__About this task__
Leaving the pictures aside, reproduce the data in full and word for word.

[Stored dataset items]
┏━━

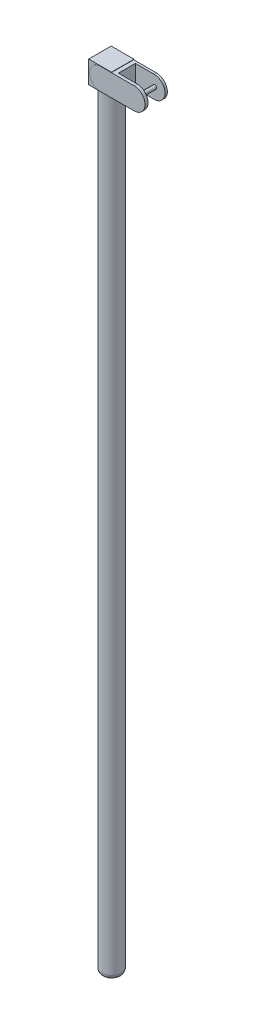
SolidWorks part; units mm, degrees
ref_plane "Ön Düzlem" through (0, 0, 0) normal (0, 0, 1) x (1, 0, 0)
ref_plane "Üst Düzlem" through (0, 0, 0) normal (0, 1, 0) x (1, 0, 0)
ref_plane "Sağ Düzlem" through (0, 0, 0) normal (1, 0, 0) x (0, 0, -1)
sketch "Çizim1" plane through (0, 0, 0) normal (0, 1, 0) x (1, 0, 0)
  circle A0 centre (0, 0) radius 2.1875
extrude "Yükseklik-Ekstrüzyon1" add sketch "Çizim1" along normal blind 177
fillet "Radyus1" radius 1 1 edges at (0, 0, 2.1875)
sketch "Çizim2" plane through (0, 177, 0) normal (0, 1, 0) x (1, 0, 0)
  line L0 (-2.666, 2.5737) -> (2.4492, 2.5737)
  line L1 (-2.666, 2.5737) -> (-2.666, -2.4693)
  line L2 (2.4492, 2.5737) -> (2.4492, -2.4693)
  line L3 (-2.666, -2.4693) -> (2.4492, -2.4693)
extrude "Yükseklik-Ekstrüzyon2" add sketch "Çizim2" against normal blind 5
sketch "Çizim3" plane through (0, 0, 0) normal (0, 0, 1) x (1, 0, 0)
  line L0 (0, 174.5006) -> (7.5476, 174.5006) construction
  line L1 (0, -2.7736) -> (0, 2.7736) construction
  line L2 (0, 176.9354) -> (7.5476, 176.9354)
  line L3 (0, 172.0658) -> (7.5476, 172.0658)
  arc A0 (0, 176.9354) -> (0, 172.0658) centre (0, 174.5006) ccw
  arc A1 (7.5476, 172.0658) -> (7.5476, 176.9354) centre (7.5476, 174.5006) ccw
  point P4 (3.7738, 174.5006)
  point P9 (7.5476, 174.5006)
extrude "Yükseklik-Ekstrüzyon3" add sketch "Çizim3" along normal mid plane 5
sketch "Çizim4" plane through (0, 176.9354, 0) normal (0, 1, 0) x (1, 0, 0)
  line L0 (3.3419, 1.9729) -> (3.3419, -1.816)
  line L1 (3.3419, 1.9729) -> (13.2978, 1.9729)
  line L2 (3.3419, -1.816) -> (13.2978, -1.816)
  line L3 (13.2978, 1.9729) -> (13.2978, -1.816)
extrude "Kes-Ekstrüzyon1" cut sketch "Çizim4" against normal blind 5
sketch "Çizim5" plane through (0, 0, 2.5) normal (0, 0, 1) x (1, 0, 0)
  circle A0 centre (7.7028, 174.5621) radius 0.4202
extrude "Yükseklik-Ekstrüzyon4" add sketch "Çizim5" against normal blind 5
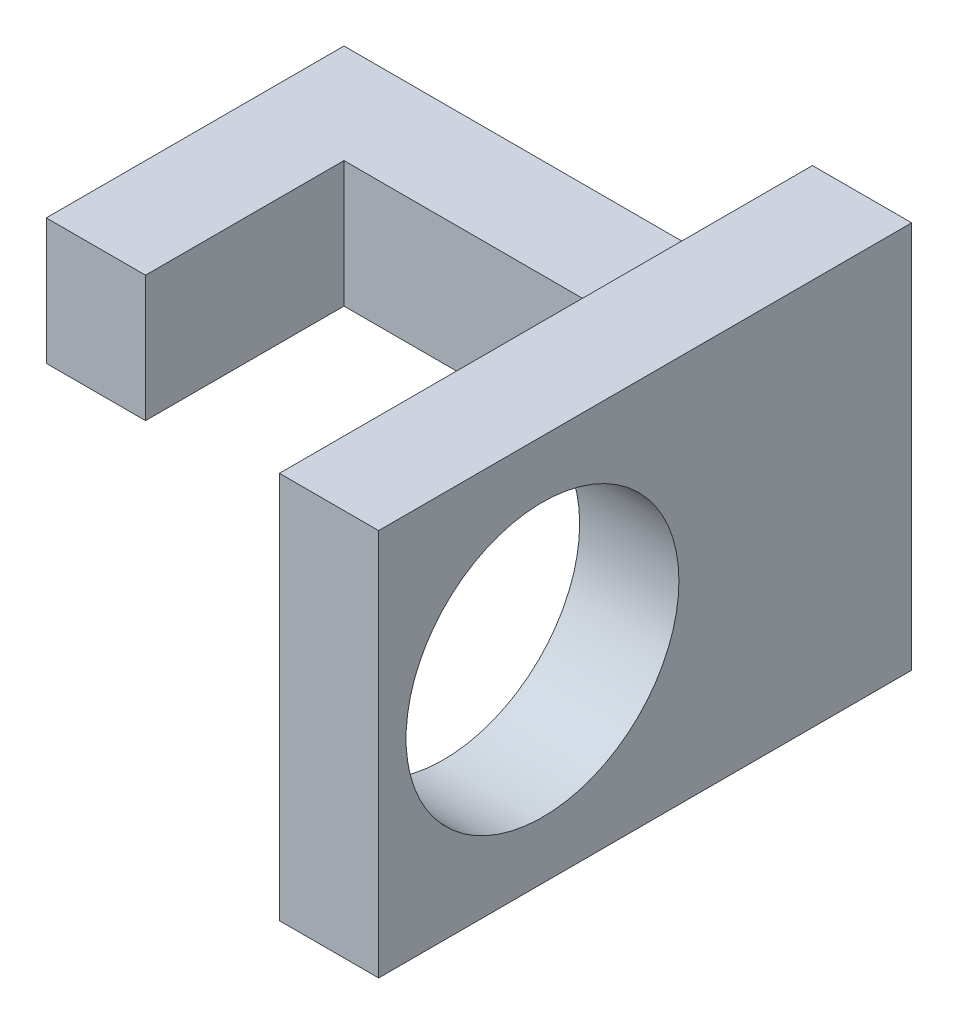
SolidWorks part; units mm, degrees
ref_plane "Front Plane" through (0, 0, 0) normal (0, 0, 1) x (1, 0, 0)
ref_plane "Top Plane" through (0, 0, 0) normal (0, 1, 0) x (1, 0, 0)
ref_plane "Right Plane" through (0, 0, 0) normal (1, 0, 0) x (0, 0, -1)
sketch "Sketch1" plane through (0, 0, 0) normal (0, 1, 0) x (1, 0, 0)
  line L2 (-24.2639, 4.8561) -> (-24.2639, -1.1439)
  line L3 (-24.2639, -1.1439) -> (-22.2639, -1.1439)
  line L4 (-22.2639, 2.8561) -> (-22.2639, -1.1439)
  line L5 (-22.2639, 2.8561) -> (-14.8217, 2.8561)
  line L7 (-24.2639, 4.8561) -> (-14.8217, 4.8561)
  line L8 (-14.8217, 2.8561) -> (-14.8217, 4.8561)
  dimension "D1" = 2
  dimension "D2" = 7.4422
  dimension "D3" = 4
  dimension "D4" = 2
extrude "Boss-Extrude1" add sketch "Sketch1" along normal blind 2.54
sketch3d "3DSketch1"
  line L1 (-14.8217, 5.1747, 5.8876) -> (-14.8217, -2.6347, 5.8876)
  line L2 (-14.8217, 5.1747, 5.8876) -> (-14.8217, 5.1747, -4.8561)
  line L3 (-14.8217, 5.1747, -4.8561) -> (-14.8217, -2.6347, -4.8561)
  line L4 (-14.8217, -2.6347, 5.8876) -> (-14.8217, -2.6347, -4.8561)
  line L5 (-14.8217, 2.54, -4.8561) -> (-14.8217, 0, -4.8561) construction
  line L6 (-14.8217, 1.27, 5.8876) -> (-14.8217, 1.27, -4.8561) construction
  line L7 (-22.2639, 2.54, -2.8561) -> (-14.8217, 2.54, -2.8561) construction
  circle A0 centre (-14.8217, 1.27, 2.5856) radius 2.75
  point P6 (-12.0717, 1.27, 2.5856)
  point P12 (-14.8217, 1.27, -4.8561)
  point P13 (-14.8217, 1.27, -4.8561)
  dimension "D3" = 5.5
  dimension "D2" = 3.302
  dimension "D4" = 5.588
extrude "Boss-Extrude3" add sketch "3DSketch1" along direction (-1, 0, 0) on the side of the normal blind 2

┗━━

__Task solution__
SolidWorks part; units mm, degrees
ref_plane "Ön Düzlem" through (0, 0, 0) normal (0, 0, 1) x (1, 0, 0)
ref_plane "Üst Düzlem" through (0, 0, 0) normal (0, 1, 0) x (1, 0, 0)
ref_plane "Sağ Düzlem" through (0, 0, 0) normal (1, 0, 0) x (0, 0, -1)
sketch "Çizim1" plane through (0, 0, 0) normal (0, 1, 0) x (1, 0, 0)
  circle A0 centre (0, 0) radius 2.1875
extrude "Yükseklik-Ekstrüzyon1" add sketch "Çizim1" along normal blind 177
fillet "Radyus1" radius 1 1 edges at (0, 0, 2.1875)
sketch "Çizim2" plane through (0, 177, 0) normal (0, 1, 0) x (1, 0, 0)
  line L0 (-2.666, 2.5737) -> (2.4492, 2.5737)
  line L1 (-2.666, 2.5737) -> (-2.666, -2.4693)
  line L2 (2.4492, 2.5737) -> (2.4492, -2.4693)
  line L3 (-2.666, -2.4693) -> (2.4492, -2.4693)
extrude "Yükseklik-Ekstrüzyon2" add sketch "Çizim2" against normal blind 5
sketch "Çizim3" plane through (0, 0, 0) normal (0, 0, 1) x (1, 0, 0)
  line L0 (0, 174.5006) -> (7.5476, 174.5006) construction
  line L1 (0, -2.7736) -> (0, 2.7736) construction
  line L2 (0, 176.9354) -> (7.5476, 176.9354)
  line L3 (0, 172.0658) -> (7.5476, 172.0658)
  arc A0 (0, 176.9354) -> (0, 172.0658) centre (0, 174.5006) ccw
  arc A1 (7.5476, 172.0658) -> (7.5476, 176.9354) centre (7.5476, 174.5006) ccw
  point P4 (3.7738, 174.5006)
  point P9 (7.5476, 174.5006)
extrude "Yükseklik-Ekstrüzyon3" add sketch "Çizim3" along normal mid plane 5
sketch "Çizim4" plane through (0, 176.9354, 0) normal (0, 1, 0) x (1, 0, 0)
  line L0 (3.3419, 1.9729) -> (3.3419, -1.816)
  line L1 (3.3419, 1.9729) -> (13.2978, 1.9729)
  line L2 (3.3419, -1.816) -> (13.2978, -1.816)
  line L3 (13.2978, 1.9729) -> (13.2978, -1.816)
extrude "Kes-Ekstrüzyon1" cut sketch "Çizim4" against normal blind 5
sketch "Çizim5" plane through (0, 0, 2.5) normal (0, 0, 1) x (1, 0, 0)
  circle A0 centre (7.7028, 174.5621) radius 0.4202
extrude "Yükseklik-Ekstrüzyon4" add sketch "Çizim5" against normal blind 5
SolidWorks part; units mm, degrees
ref_plane "Front Plane" through (0, 0, 0) normal (0, 0, 1) x (1, 0, 0)
ref_plane "Top Plane" through (0, 0, 0) normal (0, 1, 0) x (1, 0, 0)
ref_plane "Right Plane" through (0, 0, 0) normal (1, 0, 0) x (0, 0, -1)
sketch "Sketch1" plane through (0, 0, 0) normal (0, 1, 0) x (1, 0, 0)
  line L2 (-24.2639, 4.8561) -> (-24.2639, -1.1439)
  line L3 (-24.2639, -1.1439) -> (-22.2639, -1.1439)
  line L4 (-22.2639, 2.8561) -> (-22.2639, -1.1439)
  line L5 (-22.2639, 2.8561) -> (-14.8217, 2.8561)
  line L7 (-24.2639, 4.8561) -> (-14.8217, 4.8561)
  line L8 (-14.8217, 2.8561) -> (-14.8217, 4.8561)
  dimension "D1" = 2
  dimension "D2" = 7.4422
  dimension "D3" = 4
  dimension "D4" = 2
extrude "Boss-Extrude1" add sketch "Sketch1" along normal blind 2.54
sketch3d "3DSketch1"
  line L1 (-14.8217, 5.1747, 5.8876) -> (-14.8217, -2.6347, 5.8876)
  line L2 (-14.8217, 5.1747, 5.8876) -> (-14.8217, 5.1747, -4.8561)
  line L3 (-14.8217, 5.1747, -4.8561) -> (-14.8217, -2.6347, -4.8561)
  line L4 (-14.8217, -2.6347, 5.8876) -> (-14.8217, -2.6347, -4.8561)
  line L5 (-14.8217, 2.54, -4.8561) -> (-14.8217, 0, -4.8561) construction
  line L6 (-14.8217, 1.27, 5.8876) -> (-14.8217, 1.27, -4.8561) construction
  line L7 (-22.2639, 2.54, -2.8561) -> (-14.8217, 2.54, -2.8561) construction
  circle A0 centre (-14.8217, 1.27, 2.5856) radius 2.75
  point P6 (-12.0717, 1.27, 2.5856)
  point P12 (-14.8217, 1.27, -4.8561)
  point P13 (-14.8217, 1.27, -4.8561)
  dimension "D3" = 5.5
  dimension "D2" = 3.302
  dimension "D4" = 5.588
extrude "Boss-Extrude3" add sketch "3DSketch1" along direction (-1, 0, 0) on the side of the normal blind 2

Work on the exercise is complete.